[Collection entries]
● ● ●

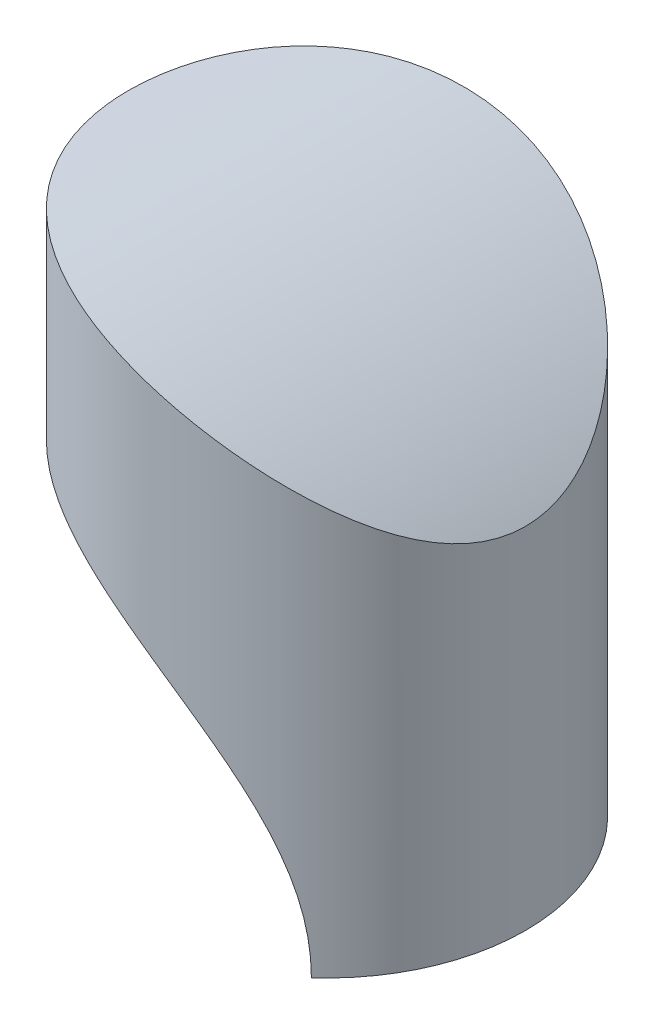
ISO-10303-21;
HEADER;
FILE_DESCRIPTION(('STEP AP214'),'2;1');
FILE_NAME('part.step','',(''),(''),'','','');
FILE_SCHEMA(('AUTOMOTIVE_DESIGN { 1 0 10303 214 1 1 1 1 }'));
ENDSEC;
DATA;
#1=APPLICATION_CONTEXT('core data for automotive mechanical design processes');
#2=APPLICATION_PROTOCOL_DEFINITION('international standard','automotive_design',2000,#1);
#3=PRODUCT_CONTEXT('',#1,'mechanical');
#4=PRODUCT('Part','Part','',(#3));
#5=PRODUCT_RELATED_PRODUCT_CATEGORY('part','',(#4));
#6=PRODUCT_DEFINITION_FORMATION('','',#4);
#7=PRODUCT_DEFINITION_CONTEXT('part definition',#1,'design');
#8=PRODUCT_DEFINITION('design','',#6,#7);
#9=PRODUCT_DEFINITION_SHAPE('','',#8);
#10=(LENGTH_UNIT() NAMED_UNIT(*) SI_UNIT(.MILLI.,.METRE.));
#11=(NAMED_UNIT(*) PLANE_ANGLE_UNIT() SI_UNIT($,.RADIAN.));
#12=(NAMED_UNIT(*) SI_UNIT($,.STERADIAN.) SOLID_ANGLE_UNIT());
#13=UNCERTAINTY_MEASURE_WITH_UNIT(LENGTH_MEASURE(1.E-05),#10,'distance_accuracy_value','');
#14=(GEOMETRIC_REPRESENTATION_CONTEXT(3) GLOBAL_UNCERTAINTY_ASSIGNED_CONTEXT((#13)) GLOBAL_UNIT_ASSIGNED_CONTEXT((#10,
#11,#12)) REPRESENTATION_CONTEXT('',''));
#15=CARTESIAN_POINT('',(0.,0.,0.));
#16=DIRECTION('',(0.,0.,1.));
#17=DIRECTION('',(1.,0.,0.));
#18=AXIS2_PLACEMENT_3D('',#15,#16,#17);
#19=CARTESIAN_POINT('',(0.,80.,0.));
#20=DIRECTION('',(0.,-1.,0.));
#21=DIRECTION('',(0.,0.,-1.));
#22=AXIS2_PLACEMENT_3D('',#19,#20,#21);
#23=CYLINDRICAL_SURFACE('',#22,30.);
#24=CARTESIAN_POINT('',(20.,0.,22.3606797749979));
#25=CARTESIAN_POINT('',(20.0000007120072,0.322032795196168,22.3606754142788));
#26=CARTESIAN_POINT('',(19.9968885845418,0.644050729541473,22.3634631745397));
#27=CARTESIAN_POINT('',(19.9844481767636,1.28786526828124,22.3745822765455));
#28=CARTESIAN_POINT('',(19.9751200045152,1.60966187642605,22.3829135219184));
#29=CARTESIAN_POINT('',(19.9378323530027,2.57427303249348,22.4161555757134));
#30=CARTESIAN_POINT('',(19.9005697280598,3.21648542726856,22.4493147447179));
#31=CARTESIAN_POINT('',(19.8015663972087,4.4961051697141,22.5366873813447));
#32=CARTESIAN_POINT('',(19.7398798930536,5.13351999377426,22.5908542230878));
#33=CARTESIAN_POINT('',(19.5923679631962,6.40357391360704,22.7189049766029));
#34=CARTESIAN_POINT('',(19.5065415422359,7.03621281136981,22.7927897013116));
#35=CARTESIAN_POINT('',(19.3118335351873,8.29117331845733,22.9579890602384));
#36=CARTESIAN_POINT('',(19.2031116775069,8.91353575917785,23.0491825273545));
#37=CARTESIAN_POINT('',(18.9627262922306,10.1513076896881,23.2473487904694));
#38=CARTESIAN_POINT('',(18.8310599445511,10.7667163148793,23.3543235258791));
#39=CARTESIAN_POINT('',(18.4022069215164,12.6017754874726,23.695836182878));
#40=CARTESIAN_POINT('',(18.0712273450615,13.8098681559307,23.9509086149779));
#41=CARTESIAN_POINT('',(17.265584003045,16.371731995908,24.5394474119059));
#42=CARTESIAN_POINT('',(16.7767019730055,17.7196037603295,24.8789368739185));
#43=CARTESIAN_POINT('',(15.6876435055173,20.3637891459652,25.579623080266));
#44=CARTESIAN_POINT('',(15.0874524925823,21.6600959879197,25.9408226632668));
#45=CARTESIAN_POINT('',(13.776795017178,24.1999685847225,26.6600824484979));
#46=CARTESIAN_POINT('',(13.0661189570018,25.4434282544687,27.0181352881789));
#47=CARTESIAN_POINT('',(11.5368265795367,27.8701873375007,27.7056718802995));
#48=CARTESIAN_POINT('',(10.7182497048609,29.0535085161619,28.0351659996363));
#49=CARTESIAN_POINT('',(9.20146466586302,31.0545600286145,28.5622052560136));
#50=CARTESIAN_POINT('',(8.52726729178211,31.887375304455,28.7717870837487));
#51=CARTESIAN_POINT('',(7.12179282099093,33.5130811473071,29.1514976781127));
#52=CARTESIAN_POINT('',(6.39051866712704,34.3059737692448,29.3216284770206));
#53=CARTESIAN_POINT('',(4.87475243586057,35.8457271392102,29.6113306343571));
#54=CARTESIAN_POINT('',(4.09037964023866,36.5926843111127,29.7310112195912));
#55=CARTESIAN_POINT('',(2.47074667790061,38.037178771342,29.9091734021724));
#56=CARTESIAN_POINT('',(1.63549851728752,38.7347276361629,29.9676693797467));
#57=CARTESIAN_POINT('',(0.101324041838263,39.9330381950979,30.0074611167176));
#58=CARTESIAN_POINT('',(-0.589114190069803,40.4442366260103,30.0024578112568));
#59=CARTESIAN_POINT('',(-1.99396092145654,41.4294266390447,29.9419140931503));
#60=CARTESIAN_POINT('',(-2.70836670299162,41.9034224197622,29.886379392282));
#61=CARTESIAN_POINT('',(-4.15580053915634,42.8112945850202,29.7196874813412));
#62=CARTESIAN_POINT('',(-4.88882402811233,43.2451806869606,29.608543785761));
#63=CARTESIAN_POINT('',(-6.36722260749556,44.07049379597,29.3261778489684));
#64=CARTESIAN_POINT('',(-7.11259782349516,44.4619203710737,29.1549549966109));
#65=CARTESIAN_POINT('',(-8.61303237496746,45.2029010936786,28.7475888129971));
#66=CARTESIAN_POINT('',(-9.36812315195129,45.5521604643577,28.5110226429953));
#67=CARTESIAN_POINT('',(-10.874362982846,46.2048016217451,27.9712024822774));
#68=CARTESIAN_POINT('',(-11.6255119978487,46.5081829564224,27.6679478345595));
#69=CARTESIAN_POINT('',(-13.1143742565686,47.0691881256482,26.9940867796003));
#70=CARTESIAN_POINT('',(-13.852090443627,47.3268220951215,26.6234953271348));
#71=CARTESIAN_POINT('',(-15.3048150724499,47.7978514797257,25.8157539120352));
#72=CARTESIAN_POINT('',(-16.0198254250402,48.0112506258694,25.3786095682436));
#73=CARTESIAN_POINT('',(-17.3433354622661,48.3759099505508,24.4902938408875));
#74=CARTESIAN_POINT('',(-17.9550515799704,48.5313736782875,24.0456144428462));
#75=CARTESIAN_POINT('',(-19.147244849467,48.8118087804994,23.1075360317343));
#76=CARTESIAN_POINT('',(-19.7277245549004,48.9367826505441,22.6141410106434));
#77=CARTESIAN_POINT('',(-20.8521866803901,49.1593954217406,21.5816823683517));
#78=CARTESIAN_POINT('',(-21.3961667304699,49.2570325491807,21.0426157867613));
#79=CARTESIAN_POINT('',(-22.4429677126788,49.4284599230223,19.9223728166638));
#80=CARTESIAN_POINT('',(-22.9457871322859,49.5022492933881,19.3411948821766));
#81=CARTESIAN_POINT('',(-23.9111155260234,49.6302832974213,18.1345403863541));
#82=CARTESIAN_POINT('',(-24.3731665934666,49.6843232193419,17.5086760313379));
#83=CARTESIAN_POINT('',(-25.2477327091232,49.7755896537559,16.2221163163369));
#84=CARTESIAN_POINT('',(-25.6602479362019,49.8128162269606,15.5614210821325));
#85=CARTESIAN_POINT('',(-26.432930528398,49.8741045461954,14.2093826939775));
#86=CARTESIAN_POINT('',(-26.7930890576256,49.8981640720007,13.5180343925458));
#87=CARTESIAN_POINT('',(-27.4586023119205,49.936483961115,12.1091773861067));
#88=CARTESIAN_POINT('',(-27.7639550445263,49.9507439682165,11.3916677311454));
#89=CARTESIAN_POINT('',(-28.3338101685395,49.9730911764176,9.89313275027178));
#90=CARTESIAN_POINT('',(-28.5949624252135,49.9807771511708,9.11082546349858));
#91=CARTESIAN_POINT('',(-29.0519959427058,49.9915349912337,7.52732920975946));
#92=CARTESIAN_POINT('',(-29.2478749657634,49.9946066983653,6.72613959645921));
#93=CARTESIAN_POINT('',(-29.5730343336472,49.9984417856567,5.11027156542155));
#94=CARTESIAN_POINT('',(-29.7023084205801,49.9992049489491,4.29559188763914));
#95=CARTESIAN_POINT('',(-29.8933506891409,49.9999775899747,2.65835772952854));
#96=CARTESIAN_POINT('',(-29.9551185925658,49.9999870646018,1.83580321676107));
#97=CARTESIAN_POINT('',(-30.0113435385118,50.0000073249414,0.17012593631239));
#98=CARTESIAN_POINT('',(-30.0042783182259,50.0000181350591,-0.673048622615571));
#99=CARTESIAN_POINT('',(-29.9192223460036,49.9999526042911,-2.35582379875937));
#100=CARTESIAN_POINT('',(-29.8412302441146,49.9998762617468,-3.19542434764544));
#101=CARTESIAN_POINT('',(-29.6148603705289,49.9986445401902,-4.86517667399609));
#102=CARTESIAN_POINT('',(-29.4664749660278,49.9974890441514,-5.69532741681236));
#103=CARTESIAN_POINT('',(-29.1003701868261,49.9922407644513,-7.34018748830894));
#104=CARTESIAN_POINT('',(-28.8826509747021,49.9881479876774,-8.15489685319201));
#105=CARTESIAN_POINT('',(-28.3791588023074,49.9743565540768,-9.76395193509776));
#106=CARTESIAN_POINT('',(-28.0933112296415,49.9646517343499,-10.5582742608298));
#107=CARTESIAN_POINT('',(-27.455772499908,49.9362458810625,-12.1198935841991));
#108=CARTESIAN_POINT('',(-27.1040809224778,49.9175447900666,-12.8871904092625));
#109=CARTESIAN_POINT('',(-26.3375003201844,49.8671591650064,-14.3891252195662));
#110=CARTESIAN_POINT('',(-25.922610570355,49.8354744819962,-15.1237628300374));
#111=CARTESIAN_POINT('',(-25.0329260261727,49.7546740356577,-16.5548307334744));
#112=CARTESIAN_POINT('',(-24.5581323281447,49.7055585913065,-17.2512617253395));
#113=CARTESIAN_POINT('',(-23.5596749276058,49.585999703438,-18.5911260730562));
#114=CARTESIAN_POINT('',(-23.0367848666217,49.5158631640434,-19.2351629532864));
#115=CARTESIAN_POINT('',(-21.9413268281061,49.3494132062156,-20.4759119298972));
#116=CARTESIAN_POINT('',(-21.3687592511697,49.2530999988552,-21.0726244078235));
#117=CARTESIAN_POINT('',(-20.1798101846198,49.0298828128749,-22.2138212543104));
#118=CARTESIAN_POINT('',(-19.5634521509425,48.9029951253602,-22.7583332217856));
#119=CARTESIAN_POINT('',(-18.29312430722,48.6145355751604,-23.791421008311));
#120=CARTESIAN_POINT('',(-17.6391566754518,48.452965719723,-24.2800000619982));
#121=CARTESIAN_POINT('',(-16.3376522039242,48.101655976305,-25.1727898170676));
#122=CARTESIAN_POINT('',(-15.6917307172196,47.9139477267398,-25.5801585067931));
#123=CARTESIAN_POINT('',(-14.3795496143165,47.5023597842692,-26.3401467622484));
#124=CARTESIAN_POINT('',(-13.7132909074591,47.2784817067144,-26.6927687715958));
#125=CARTESIAN_POINT('',(-12.3675923302082,46.7932649449712,-27.3422895659653));
#126=CARTESIAN_POINT('',(-11.6881551089748,46.5319337235383,-27.6391994248037));
#127=CARTESIAN_POINT('',(-10.3230202848477,45.9713051659784,-28.1775378301916));
#128=CARTESIAN_POINT('',(-9.63732264186882,45.6720075865957,-28.4189660212345));
#129=CARTESIAN_POINT('',(-8.28421424749744,45.0440511922714,-28.8420054626911));
#130=CARTESIAN_POINT('',(-7.61678931122461,44.7163522310963,-29.0250025699406));
#131=CARTESIAN_POINT('',(-6.28825900307218,44.0262836836153,-29.3415086448348));
#132=CARTESIAN_POINT('',(-5.62715335085035,43.6639156432581,-29.4750198178423));
#133=CARTESIAN_POINT('',(-4.31615984967432,42.9058718504079,-29.6953319020246));
#134=CARTESIAN_POINT('',(-3.66627523330004,42.5101866865924,-29.7821195633457));
#135=CARTESIAN_POINT('',(-2.38222694549023,41.6874135342486,-29.9122321078421));
#136=CARTESIAN_POINT('',(-1.74806547482792,41.2603211824583,-29.9555509397954));
#137=CARTESIAN_POINT('',(-0.266229887959806,40.2119984500436,-30.0110792880787));
#138=CARTESIAN_POINT('',(0.572938316142759,39.5777351900908,-30.0056786905613));
#139=CARTESIAN_POINT('',(2.20784237388017,38.2591042666739,-29.9298471619471));
#140=CARTESIAN_POINT('',(3.00356465452019,37.5747210997653,-29.8593960300645));
#141=CARTESIAN_POINT('',(4.54803244650715,36.1598144474205,-29.6634851409777));
#142=CARTESIAN_POINT('',(5.29669474729027,35.4292135755935,-29.5379309151686));
#143=CARTESIAN_POINT('',(6.74247477693096,33.9275312606899,-29.2418138714104));
#144=CARTESIAN_POINT('',(7.43959122210006,33.1564488102848,-29.0712499330307));
#145=CARTESIAN_POINT('',(9.01315813610168,31.3036630208063,-28.62940291721));
#146=CARTESIAN_POINT('',(9.86796519609071,30.2069702701242,-28.3437038663316));
#147=CARTESIAN_POINT('',(11.4787612637585,27.9541000039737,-27.7305082961085));
#148=CARTESIAN_POINT('',(12.2347100161591,26.7978985218533,-27.4029948564885));
#149=CARTESIAN_POINT('',(13.6473164719533,24.4298042397965,-26.7275945129411));
#150=CARTESIAN_POINT('',(14.3038325736173,23.2178351628543,-26.3796795146793));
#151=CARTESIAN_POINT('',(15.5148060958311,20.7436496582048,-25.6861325715226));
#152=CARTESIAN_POINT('',(16.0692895349248,19.4814461405168,-25.3405000663214));
#153=CARTESIAN_POINT('',(16.9992844992635,17.1011022825331,-24.7242319868118));
#154=CARTESIAN_POINT('',(17.3891499517116,15.9894718176954,-24.4500896071285));
#155=CARTESIAN_POINT('',(18.0912502692584,13.7341412475779,-23.9352511498763));
#156=CARTESIAN_POINT('',(18.4034791524828,12.5904386787025,-23.6945576501633));
#157=CARTESIAN_POINT('',(18.9462832196207,10.2792748952481,-23.2628192732327));
#158=CARTESIAN_POINT('',(19.1771851212141,9.1119291394487,-23.0715765789261));
#159=CARTESIAN_POINT('',(19.4611490931167,7.34511777006618,-22.8315291795313));
#160=CARTESIAN_POINT('',(19.5453963071855,6.75365350663491,-22.7593247033559));
#161=CARTESIAN_POINT('',(19.6927942690486,5.56631123475889,-22.6319123394848));
#162=CARTESIAN_POINT('',(19.7559484895695,4.97043396939474,-22.5767016540683));
#163=CARTESIAN_POINT('',(19.8402424451633,4.01033718995873,-22.5025893759362));
#164=CARTESIAN_POINT('',(19.8681391058943,3.64712933464437,-22.4779461591788));
#165=CARTESIAN_POINT('',(19.9160021551838,2.91984506761127,-22.4355496313517));
#166=CARTESIAN_POINT('',(19.9359699317511,2.55576881914709,-22.4177951143773));
#167=CARTESIAN_POINT('',(19.9679587280086,1.82658653861959,-22.3893078668389));
#168=CARTESIAN_POINT('',(19.9799708590825,1.46147981089019,-22.3785829904299));
#169=CARTESIAN_POINT('',(19.9959932492489,0.73091628121026,-22.3642632935865));
#170=CARTESIAN_POINT('',(20.0000027398654,0.365459449010935,-22.3606691579018));
#171=CARTESIAN_POINT('',(20.,0.,-22.3606797749979));
#172=B_SPLINE_CURVE_WITH_KNOTS('',3,(#24,#25,#26,#27,#28,#29,#30,#31,#32,#33,#34,#35,#36,#37,
#38,#39,#40,#41,#42,#43,#44,#45,#46,#47,#48,#49,#50,#51,#52,#53,#54,#55,#56,#57,#58,#59,#60,#61,
#62,#63,#64,#65,#66,#67,#68,#69,#70,#71,#72,#73,#74,#75,#76,#77,#78,#79,#80,#81,#82,#83,#84,#85,
#86,#87,#88,#89,#90,#91,#92,#93,#94,#95,#96,#97,#98,#99,#100,#101,#102,#103,#104,#105,#106,#107,
#108,#109,#110,#111,#112,#113,#114,#115,#116,#117,#118,#119,#120,#121,#122,#123,#124,#125,#126,
#127,#128,#129,#130,#131,#132,#133,#134,#135,#136,#137,#138,#139,#140,#141,#142,#143,#144,#145,
#146,#147,#148,#149,#150,#151,#152,#153,#154,#155,#156,#157,#158,#159,#160,#161,#162,#163,#164,
#165,#166,#167,#168,#169,#170,#171),.UNSPECIFIED.,.F.,.F.,(4,2,2,2,2,2,2,2,2,2,2,2,2,2,2,2,2,2,
2,2,2,2,2,2,2,2,2,2,2,2,2,2,2,2,2,2,2,2,2,2,2,2,2,2,2,2,2,2,2,2,2,2,2,2,2,2,2,2,2,2,2,2,2,2,2,2,
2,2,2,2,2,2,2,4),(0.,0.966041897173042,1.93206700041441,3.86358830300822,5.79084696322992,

● ● ●

**Work instruction**
Only the lines from the start of the records above through the line containing "#6=PRODUCT_DEFINITION_FORMATION('','',#4);" should be returned, exactly and with both ends, please; the pictures stay out.

**Answer**
ISO-10303-21;
HEADER;
FILE_DESCRIPTION(('STEP AP214'),'2;1');
FILE_NAME('part.step','',(''),(''),'','','');
FILE_SCHEMA(('AUTOMOTIVE_DESIGN { 1 0 10303 214 1 1 1 1 }'));
ENDSEC;
DATA;
#1=APPLICATION_CONTEXT('core data for automotive mechanical design processes');
#2=APPLICATION_PROTOCOL_DEFINITION('international standard','automotive_design',2000,#1);
#3=PRODUCT_CONTEXT('',#1,'mechanical');
#4=PRODUCT('Part','Part','',(#3));
#5=PRODUCT_RELATED_PRODUCT_CATEGORY('part','',(#4));
#6=PRODUCT_DEFINITION_FORMATION('','',#4);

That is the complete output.